Кетоновые тела. К кетоновым телам относят ацетон, ацетоуксусную, b-оксимасляную кислоты. Для выявления их необходимо исследовать свежевыделенную мочу, т.к. при стоянии ацетоуксусная кислота расщепляется до ацетона, который быстро улетучивается. Чаще всего кетонурия наблюдается при сахарном диабете. Она может являться критерием правильности подбора диеты: если количество вводимых жиров не соответствует количеству усвояемых углеводов, то увеличивается выделение кетоновых тел. При уменьшении введения углеводов (лечение без инсулина) при обычном количестве жиров начинает выделяться ацетон; при лечении инсулином снижение глюкозурии достигается лучшим усвоением углеводов и не сопровождается кетонурией. Таким образом, обнаружение кетоновых тел в моче больных диабетом необходимо для регулирования проводимой терапии. Кетоновые тела могут появляться в моче при длительном голодании, ацетонемической рвоте.
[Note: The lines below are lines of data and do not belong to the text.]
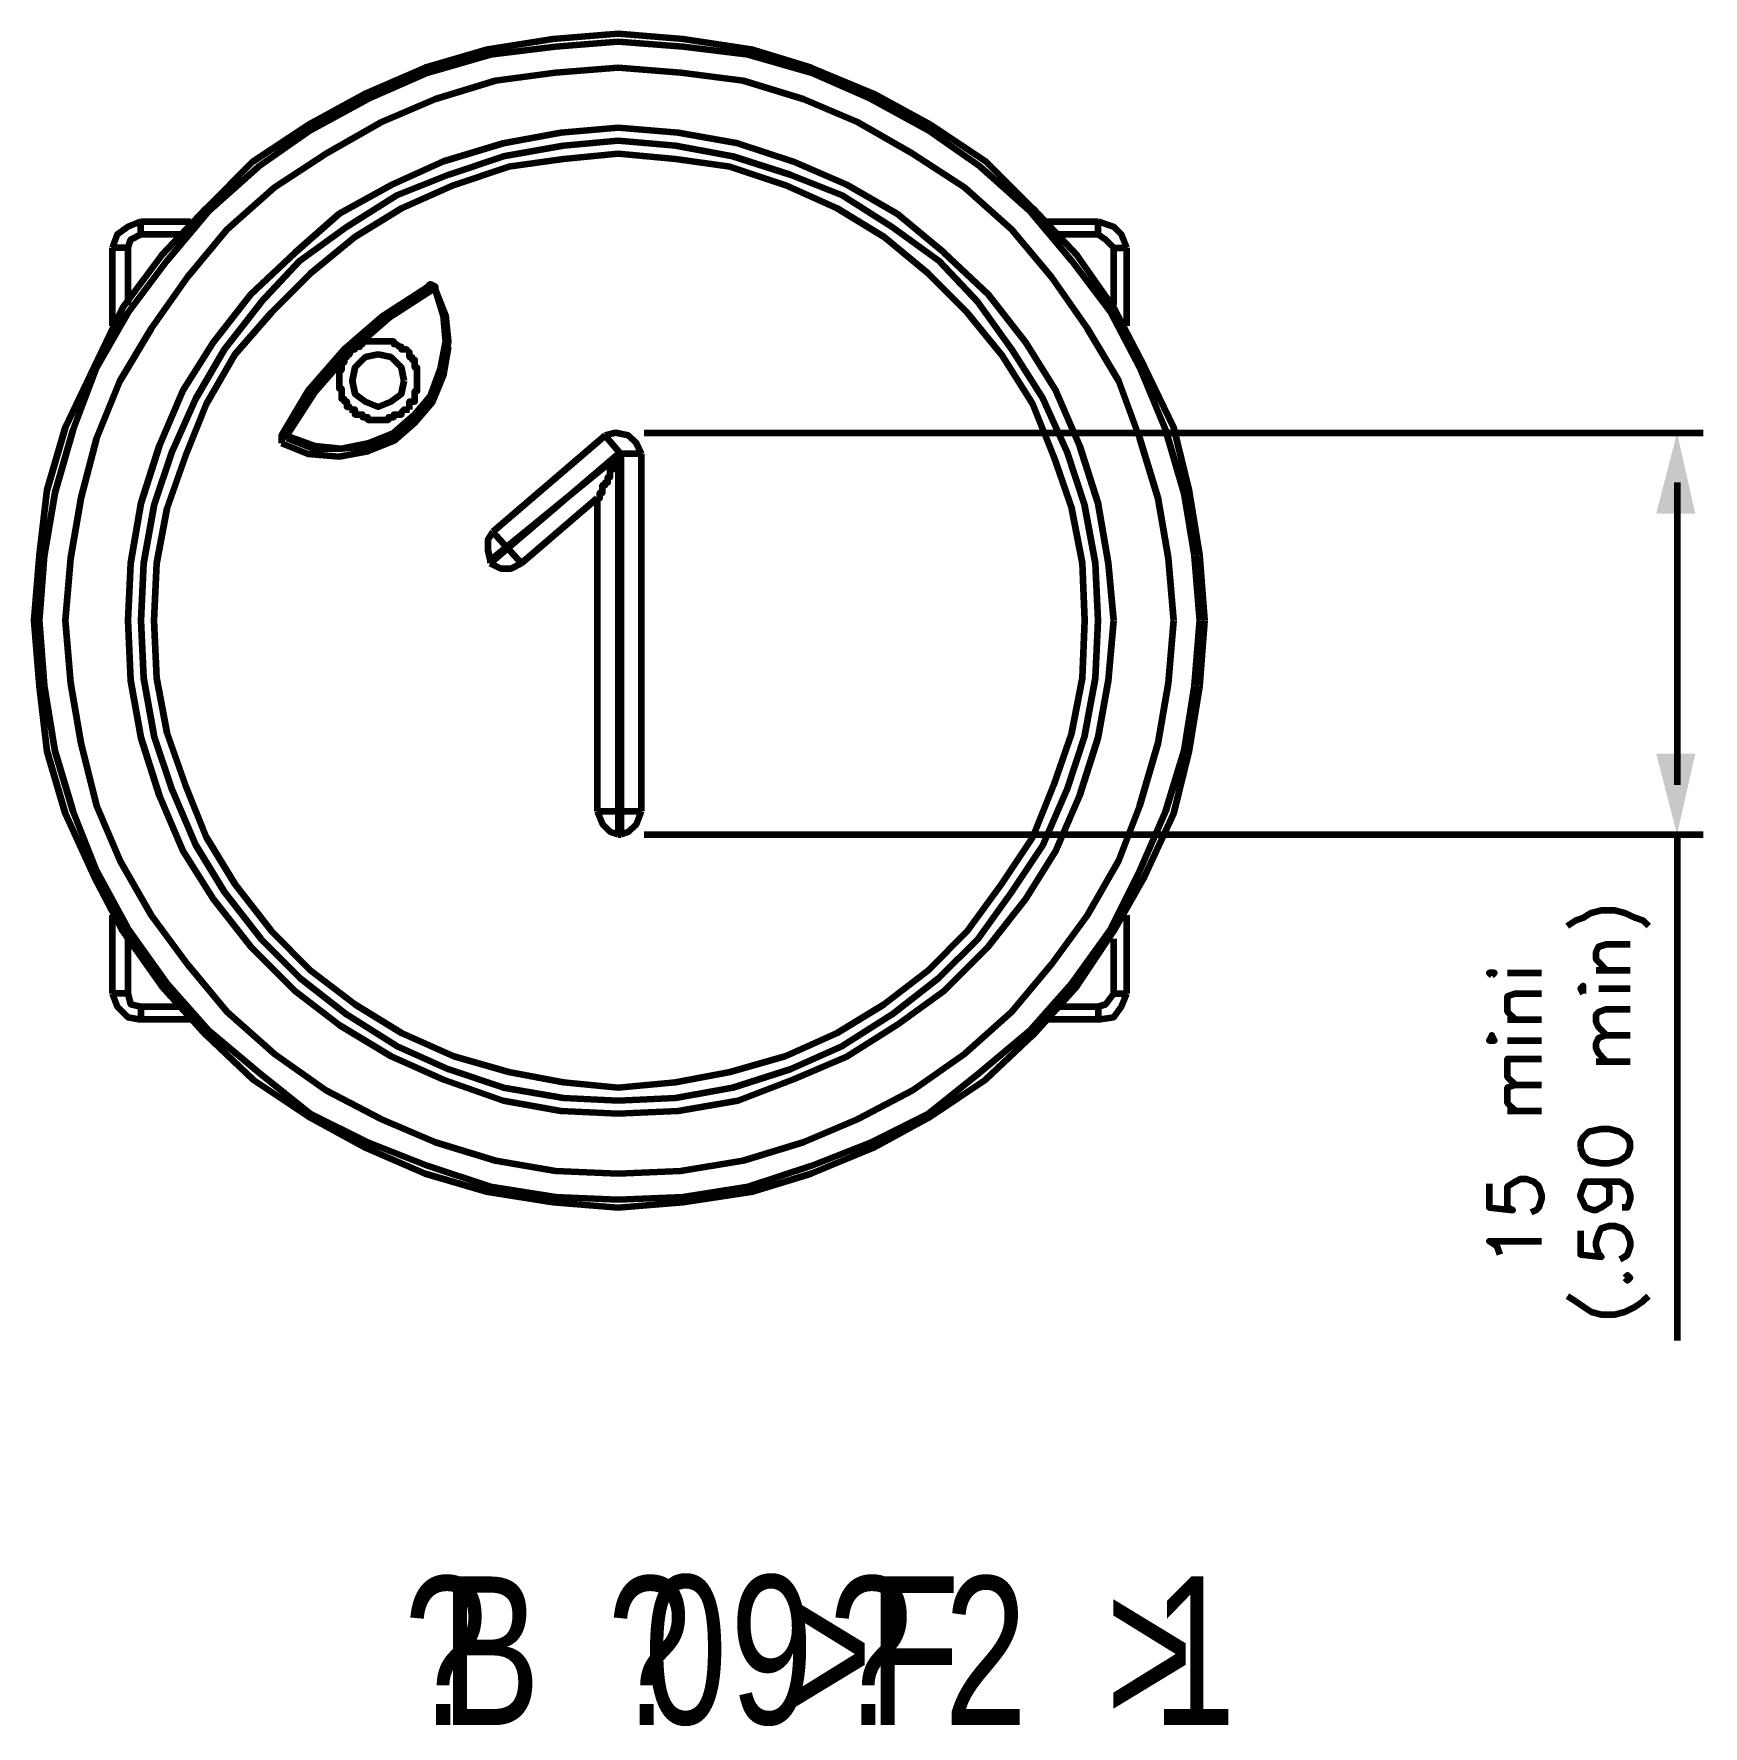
# Model space of a CAD drawing. Header units: inches. Extents: x 19 to 378, y -1 to 556.
# Drawn here: x 287.3 to 358.4, y 272.2 to 344.3 of the extents above; entities that cross this region are included whole.
import ezdxf

# ---------------------------------------------------------------- set-up
doc = ezdxf.new("R2010")
doc.units = ezdxf.units.IN
for name, color, linetype, lineweight in [('H', 7, 'CONTINUOUS', 100), ('P', 250, 'CONTINUOUS', 100), ('Text', 250, 'CONTINUOUS', 100)]:
    doc.layers.add(name, color=color, linetype=linetype, lineweight=lineweight)
doc.styles.get("Standard").update_dxf_attribs({"font": 'txt', "width": 0.75})

msp = doc.modelspace()

# ---------------------------------------------------------------- hatches: boundary and pattern name
at = {"layer": 'H', "linetype": 'CONTINUOUS'}
for points in [[(356.444, 323.889), (358.111, 323.889), (357.333, 327.333)], [(358.111, 313.667), (356.444, 313.667), (357.333, 310.222)]]:
    msp.add_hatch(color=0, dxfattribs=at).paths.add_polyline_path(points)

# ---------------------------------------------------------------- linework, layer by layer
at = {"layer": 'P', "color": 0, "linetype": 'CONTINUOUS'}
for points in [[(337.222, 319.333), (337, 322.111), (336.556, 324.889), (335.889, 327.556), (334.667, 330.111), (333.333, 332.667), (331.778, 334.889), (329.889, 336.889), (327.889, 338.889), (325.556, 340.444), (323.111, 341.778), (320.444, 342.889), (317.889, 343.667), (315, 344.111), (312.222, 344.333), (309.444, 344.111), (306.667, 343.667), (304, 342.889), (301.444, 341.778), (299, 340.444), (296.667, 338.889), (294.667, 336.889), (292.778, 334.889), (291.111, 332.667), (289.889, 330.111), (288.667, 327.556), (287.889, 324.889), (287.556, 322.111), (287.333, 319.333), (287.556, 316.556), (287.889, 313.778), (288.667, 311.111), (289.889, 308.444), (291.111, 306.111), (292.778, 303.778), (294.667, 301.667), (296.667, 299.778), (299, 298.222), (301.444, 296.889), (304, 295.778), (306.667, 295), (309.444, 294.556), (312.222, 294.333), (315, 294.556), (317.889, 295), (320.444, 295.778), (323.111, 296.889), (325.556, 298.222), (327.889, 299.778), (329.889, 301.667), (331.778, 303.778), (333.333, 306.111), (334.667, 308.444), (335.889, 311.111), (336.556, 313.778), (337, 316.556), (337.222, 319.333)], [(337, 319.333), (336.778, 322.111), (336.333, 324.778), (335.556, 327.444), (334.444, 330.111), (333.222, 332.444), (331.556, 334.667), (329.778, 336.778), (327.667, 338.667), (325.444, 340.222), (323, 341.556), (320.444, 342.667), (317.778, 343.444), (315, 343.778), (312.222, 344), (309.556, 343.778), (306.778, 343.444), (304.111, 342.667), (301.556, 341.556), (299.111, 340.222), (296.889, 338.667), (294.778, 336.778), (293, 334.667), (291.333, 332.444), (290, 330.111), (289, 327.444), (288.222, 324.778), (287.778, 322.111), (287.556, 319.333), (287.778, 316.556), (288.222, 313.778), (289, 311.222), (290, 308.667), (291.333, 306.222), (293, 303.889), (294.778, 301.889), (296.889, 300.111), (299.111, 298.333), (301.556, 297.111), (304.111, 296.111), (306.778, 295.222), (309.556, 294.778), (312.222, 294.667), (315, 294.778), (317.778, 295.222), (320.444, 296.111), (323, 297.111), (325.444, 298.333), (327.667, 300.111), (329.778, 301.889), (331.556, 303.889), (333.222, 306.222), (334.444, 308.667), (335.556, 311.222), (336.333, 313.778), (336.778, 316.556), (337, 319.333)], [(335.889, 319.333), (335.667, 322), (335.222, 324.556), (334.444, 327.111), (333.556, 329.556), (332.222, 331.778), (330.667, 334), (329, 336), (327, 337.778), (324.778, 339.222), (322.444, 340.556), (320.111, 341.556), (317.556, 342.333), (314.889, 342.667), (312.222, 342.889), (309.556, 342.667), (307, 342.333), (304.444, 341.556), (302.111, 340.556), (299.778, 339.222), (297.556, 337.778), (295.556, 336), (293.889, 334), (292.333, 331.778), (291, 329.556), (290, 327.111), (289.333, 324.556), (288.889, 322), (288.667, 319.333), (288.889, 316.667), (289.333, 314.111), (290, 311.444), (291, 309.111), (292.333, 306.778), (293.889, 304.667), (295.556, 302.667), (297.556, 300.889), (299.778, 299.333), (302.111, 298.111), (304.444, 297.111), (307, 296.333), (309.556, 295.889), (312.222, 295.778), (314.889, 295.889), (317.556, 296.333), (320.111, 297.111), (322.444, 298.111), (324.778, 299.333), (327, 300.889), (329, 302.667), (330.667, 304.667), (332.222, 306.778), (333.556, 309.111), (334.444, 311.444), (335.222, 314.111), (335.667, 316.667), (335.889, 319.333)], [(333.333, 319.333), (333.111, 321.778), (332.667, 324.333), (331.889, 326.778), (330.889, 329.111), (329.556, 331.222), (328, 333.222), (326.111, 335), (324.111, 336.667), (322, 337.889), (319.667, 338.889), (317.333, 339.667), (314.778, 340.111), (312.222, 340.333), (309.778, 340.111), (307.333, 339.667), (304.778, 338.889), (302.556, 337.889), (300.333, 336.667), (298.444, 335), (296.556, 333.222), (295, 331.222), (293.667, 329.111), (292.667, 326.778), (291.889, 324.333), (291.444, 321.778), (291.333, 319.333), (291.444, 316.778), (291.889, 314.333), (292.667, 311.889), (293.667, 309.556), (295, 307.444), (296.556, 305.444), (298.444, 303.556), (300.333, 302.111), (302.556, 300.778), (304.778, 299.778), (307.333, 298.889), (309.778, 298.444), (312.222, 298.333), (314.778, 298.444), (317.333, 298.889), (319.667, 299.778), (322, 300.778), (324.111, 302.111), (326.111, 303.556), (328, 305.444), (329.556, 307.444), (330.889, 309.556), (331.889, 311.889), (332.667, 314.333), (333.111, 316.778), (333.333, 319.333)], [(332.667, 319.333), (332.556, 321.778), (332.111, 324.222), (331.333, 326.556), (330.333, 328.778), (329, 330.889), (327.556, 332.889), (325.889, 334.667), (323.889, 336.111), (321.778, 337.444), (319.556, 338.333), (317.111, 339.111), (314.667, 339.556), (312.222, 339.778), (309.889, 339.556), (307.333, 339.111), (305, 338.333), (302.778, 337.444), (300.667, 336.111), (298.667, 334.667), (297, 332.889), (295.444, 330.889), (294.222, 328.778), (293.222, 326.556), (292.444, 324.222), (292, 321.778), (291.889, 319.333), (292, 316.889), (292.444, 314.444), (293.222, 312.111), (294.222, 309.778), (295.444, 307.778), (297, 305.778), (298.667, 304.111), (300.667, 302.556), (302.778, 301.222), (305, 300.222), (307.333, 299.444), (309.889, 299), (312.222, 298.889), (314.667, 299), (317.111, 299.444), (319.556, 300.222), (321.778, 301.222), (323.889, 302.556), (325.889, 304.111), (327.556, 305.778), (329, 307.778), (330.333, 309.778), (331.333, 312.111), (332.111, 314.444), (332.556, 316.889), (332.667, 319.333)], [(332.111, 319.333), (332, 321.778), (331.556, 324.111), (330.778, 326.333), (329.889, 328.556), (328.556, 330.667), (327.111, 332.444), (325.444, 334.111), (323.556, 335.667), (321.556, 336.889), (319.333, 337.889), (317, 338.667), (314.667, 339), (312.222, 339.222), (309.889, 339), (307.556, 338.667), (305.222, 337.889), (303, 336.889), (301, 335.667), (299.111, 334.111), (297.444, 332.444), (295.889, 330.667), (294.667, 328.556), (293.778, 326.333), (293, 324.111), (292.556, 321.778), (292.444, 319.333), (292.556, 316.889), (293, 314.556), (293.778, 312.333), (294.667, 310.111), (295.889, 308.111), (297.444, 306.111), (299.111, 304.444), (301, 303), (303, 301.778), (305.222, 300.778), (307.556, 300.111), (309.889, 299.667), (312.222, 299.444), (314.667, 299.667), (317, 300.111), (319.333, 300.778), (321.556, 301.778), (323.556, 303), (325.444, 304.444), (327.111, 306.111), (328.556, 308.111), (329.889, 310.111), (330.778, 312.333), (331.556, 314.556), (332, 316.889), (332.111, 319.333)], [(291.889, 336.333), (291.333, 336.111), (290.889, 335.778), (290.667, 335.222)], [(291.889, 335.778), (291.889, 336.333)], [(291.889, 336.333), (294, 336.333)], [(330.444, 336.333), (332.667, 336.333)], [(332.667, 335.778), (332.667, 336.333)], [(333.889, 335.222), (333.667, 335.778), (333.333, 336.111), (332.667, 336.333)], [(291.889, 335.778), (291.444, 335.556), (291.333, 335.222)], [(293.556, 335.778), (291.889, 335.778)], [(332.667, 335.778), (331, 335.778)], [(333.333, 335.222), (333, 335.556), (332.667, 335.778)], [(290.667, 335.222), (290.667, 331.889)], [(291.333, 335.222), (290.667, 335.222)], [(291.333, 335.222), (291.333, 332.778)], [(333.333, 335.222), (333.889, 335.222)], [(333.333, 332.778), (333.333, 335.222)], [(333.889, 331.889), (333.889, 335.222)], [(304.444, 333.556), (304.222, 333.667), (304.111, 333.556), (302.222, 332.333), (300.556, 330.889), (299, 329.111), (297.889, 327.222), (297.889, 327), (297.889, 326.889)], [(304.222, 333.556), (302.444, 332.333), (300.667, 330.889), (299.333, 329.222), (298.111, 327.333)], [(298.111, 327.111), (299.222, 326.667), (300.444, 326.667), (301.556, 326.778), (302.667, 327.222), (303.556, 328), (304.333, 328.889), (304.778, 330), (305, 331.222), (304.889, 332.333), (304.444, 333.444)], [(298.111, 327.222), (298.111, 327.222), (299.333, 326.778), (300.444, 326.667), (301.556, 326.889), (302.667, 327.333), (303.556, 328.111), (304.222, 328.889), (304.667, 330.111), (304.889, 331.222), (304.778, 332.333), (304.444, 333.444), (304.333, 333.444), (302.444, 332.222), (300.778, 330.778), (299.333, 329.111), (298.111, 327.222)], [(304.333, 333.444), (304.222, 333.556)], [(304.444, 333.444), (304.444, 333.556), (304.222, 333.556)], [(304.444, 333.444), (304.444, 333.444)], [(297.889, 326.889), (299, 326.444), (300.333, 326.333), (301.556, 326.556), (302.667, 327), (303.556, 327.778), (304.333, 328.667), (304.778, 329.778), (305, 331)], [(303.222, 330.778), (303.222, 330.889), (303.111, 330.889), (303.111, 330.889), (303, 330.889), (303, 331), (302.889, 331), (302.778, 331.111), (302.667, 331.111), (302.667, 331.222), (302.444, 331.222), (302.444, 331.222), (301.556, 331.222), (301.556, 331.222), (301.333, 331.222), (301.333, 331.111), (301.222, 331.111), (301.222, 331), (301, 331), (301, 330.889), (301, 330.889), (301, 330.889), (300.889, 330.889), (300.778, 330.778)], [(300.778, 330.778), (300.778, 330.667), (300.667, 330.667), (300.667, 330.667), (300.667, 330.667), (300.667, 330.556), (300.556, 330.556), (300.556, 330.333), (300.444, 330.333), (300.444, 330.222), (300.444, 330.222), (300.444, 330), (300.333, 330), (300.333, 329.222), (300.444, 329.222), (300.444, 328.889), (300.444, 328.889), (300.444, 328.778), (300.556, 328.778), (300.556, 328.667), (300.667, 328.667), (300.667, 328.556), (300.667, 328.556), (300.667, 328.444), (300.778, 328.444), (300.778, 328.333)], [(303.111, 329.556), (303, 330.111), (302.556, 330.556), (302, 330.667), (301.444, 330.556), (301, 330.111), (300.889, 329.556), (301, 329), (301.444, 328.667), (302, 328.444), (302.556, 328.667), (303, 329), (303.111, 329.556)], [(303.333, 328.333), (303.333, 328.444), (303.333, 328.444), (303.333, 328.667), (303.444, 328.667), (303.444, 328.667), (303.556, 328.667), (303.556, 328.889), (303.556, 328.889), (303.556, 329.111), (303.667, 329.111), (303.667, 330.111), (303.556, 330.111), (303.556, 330.333), (303.556, 330.333), (303.556, 330.444), (303.444, 330.444), (303.444, 330.556), (303.333, 330.556), (303.333, 330.667), (303.333, 330.667), (303.333, 330.778), (303.222, 330.778)], [(303.222, 330.778), (303.333, 330.778)], [(300.778, 328.333), (300.889, 328.333)], [(300.778, 328.333), (300.889, 328.333), (300.889, 328.333), (301, 328.333), (301, 328.222), (301, 328.222), (301, 328.111), (301.222, 328.111), (301.222, 328.111), (301.333, 328.111), (301.333, 328), (301.556, 328), (301.556, 327.889), (302.444, 327.889), (302.444, 328), (302.667, 328), (302.667, 328.111), (302.778, 328.111), (302.778, 328.111), (303, 328.111), (303, 328.222), (303, 328.222), (303.111, 328.333), (303.222, 328.333), (303.222, 328.333), (303.333, 328.333)], [(298.111, 327.333), (298, 327.222), (298.111, 327.111)], [(298.111, 327.222), (298.111, 327.333)], [(298.111, 327.222), (298.111, 327.111)], [(311.667, 327.222), (306.889, 323.111)], [(313.222, 326.444), (313, 326.889), (312.667, 327.222), (312.111, 327.333), (311.667, 327.222)], [(313.222, 326.444), (312.333, 326.444), (311.667, 327.222)], [(313.333, 327.333), (358.444, 327.333)], [(306.778, 321.778), (312.222, 326.444)], [(312.333, 326.444), (306.778, 321.889)], [(312, 325.889), (312, 326), (312.111, 326), (312.111, 326.111), (312.111, 326.111), (312.111, 326.333), (312.222, 326.333), (312.222, 326.444)], [(312.222, 326.444), (312.222, 310.222)], [(312.333, 326.444), (312.333, 310.222)], [(313.222, 311.222), (313.222, 326.444)], [(311.333, 324.556), (311.444, 324.556), (311.444, 324.778), (311.556, 324.778), (311.556, 324.889), (311.556, 324.889), (311.556, 325.111), (311.667, 325.111), (311.667, 325.222), (311.778, 325.222), (311.778, 325.333)], [(311.778, 325.333), (311.778, 325.444), (311.889, 325.444), (311.889, 325.556), (311.889, 325.556), (311.889, 325.778), (312, 325.778), (312, 325.889)], [(311.778, 325.333), (311.889, 325.333)], [(357.333, 325.222), (357.333, 312.333)], [(308.111, 321.778), (311.333, 324.556)], [(311.333, 324.556), (311.333, 311.222)], [(306.889, 323.111), (306.667, 322.778), (306.667, 322.333), (306.778, 321.889)], [(306.889, 323.111), (308.111, 321.778)], [(306.778, 321.889), (306.778, 321.778)], [(306.778, 321.778), (307.222, 321.556), (307.667, 321.556), (308.111, 321.778)], [(311.333, 311.222), (311.556, 310.667), (311.889, 310.333), (312.222, 310.222)], [(311.333, 311.222), (313.222, 311.222)], [(312.333, 310.222), (312.667, 310.333), (313, 310.667), (313.222, 311.222)], [(312.222, 310.222), (312.333, 310.222)], [(313.333, 310.222), (358.444, 310.222)], [(357.333, 310.222), (357.333, 288.667)], [(290.667, 306.778), (290.667, 303.444)], [(333.889, 303.444), (333.889, 306.778)], [(352.667, 306.333), (353, 306.556), (353.333, 306.667), (353.667, 306.889), (354.111, 307), (354.667, 307), (355.111, 306.889), (355.556, 306.667), (355.889, 306.556), (356.111, 306.333)], [(291.333, 305.778), (291.333, 303.444)], [(333.333, 303.444), (333.333, 305.778)], [(354.333, 304.444), (354, 304.778), (353.889, 304.889), (353.889, 305.222), (354, 305.444), (354.333, 305.556), (355.333, 305.556)], [(349.444, 304.222), (349.556, 304.333), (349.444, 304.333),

Желчные пигменты. Билирубин. Моча здоровых людей содержит минимальные количества билирубина, которые не могут быть обнаружены качественными пробами, применяемыми в практической медицине. С мочой выводится только конъюгированный (прямой) билирубин - глюкуронид, концентрация которого в норме в крови незначительна. Положительная реакция при определении билирубина в моче имеет место в тех случаях, когда уровень конъюгированного билирубина в сыворотке крови превышает 30-34 мкмоль/л, что указывает на нарушение оттока желчи в двенадцатиперстную кишку. Таким образом билирубинурию наблюдают главным образом при поражениях паренхимы печени (паренхиматозные желтухи), сопровождающихся внутрипеченочным холестазом и нарушениях оттока желчи (обтурационные желтухи). Для врожденных гемолитических желтух гемоглобинурия нехарактерна, так как непрямой билирубин не проходит через почечный фильтр.
В моче здорового человека содержатся следы уробилиногена, а за сутки выделяется не более 6 мг, у детей не более 2 мг.
Уробилиноиды. В свежевыпущенной моче содержится уробилиноген, который при стоянии мочи окисляется в уробилин. Все эти вещества являются производными билирубина и называются уробилиноидами. Уробилиноиды являются одним из характерных симптомов поражения паренхимы печени (гепатиты, циррозы), гемолитических состояний и заболеваний кишечника (энтериты, наклонности к запорам, кишечная непроходимость). Полное отсутствие уробилиноидов свидетельствует о полном нарушении поступления желчи в кишечник (обтурационные желтухи).
Желчные кислоты. В нормальной моче желчные кислоты не содержатся. Небольшое количество их появляется при обтурационной желтухе (в ранних стадиях), остром панкреатите. При поражении паренхимы печени резко снижается способность гепатоцитов захватывать желчные кислоты из крови, в результате чего они накапливаются и выделяются с мочой в повышенных количествах. При гемолитической желтухе желчных кислот моча не содержит.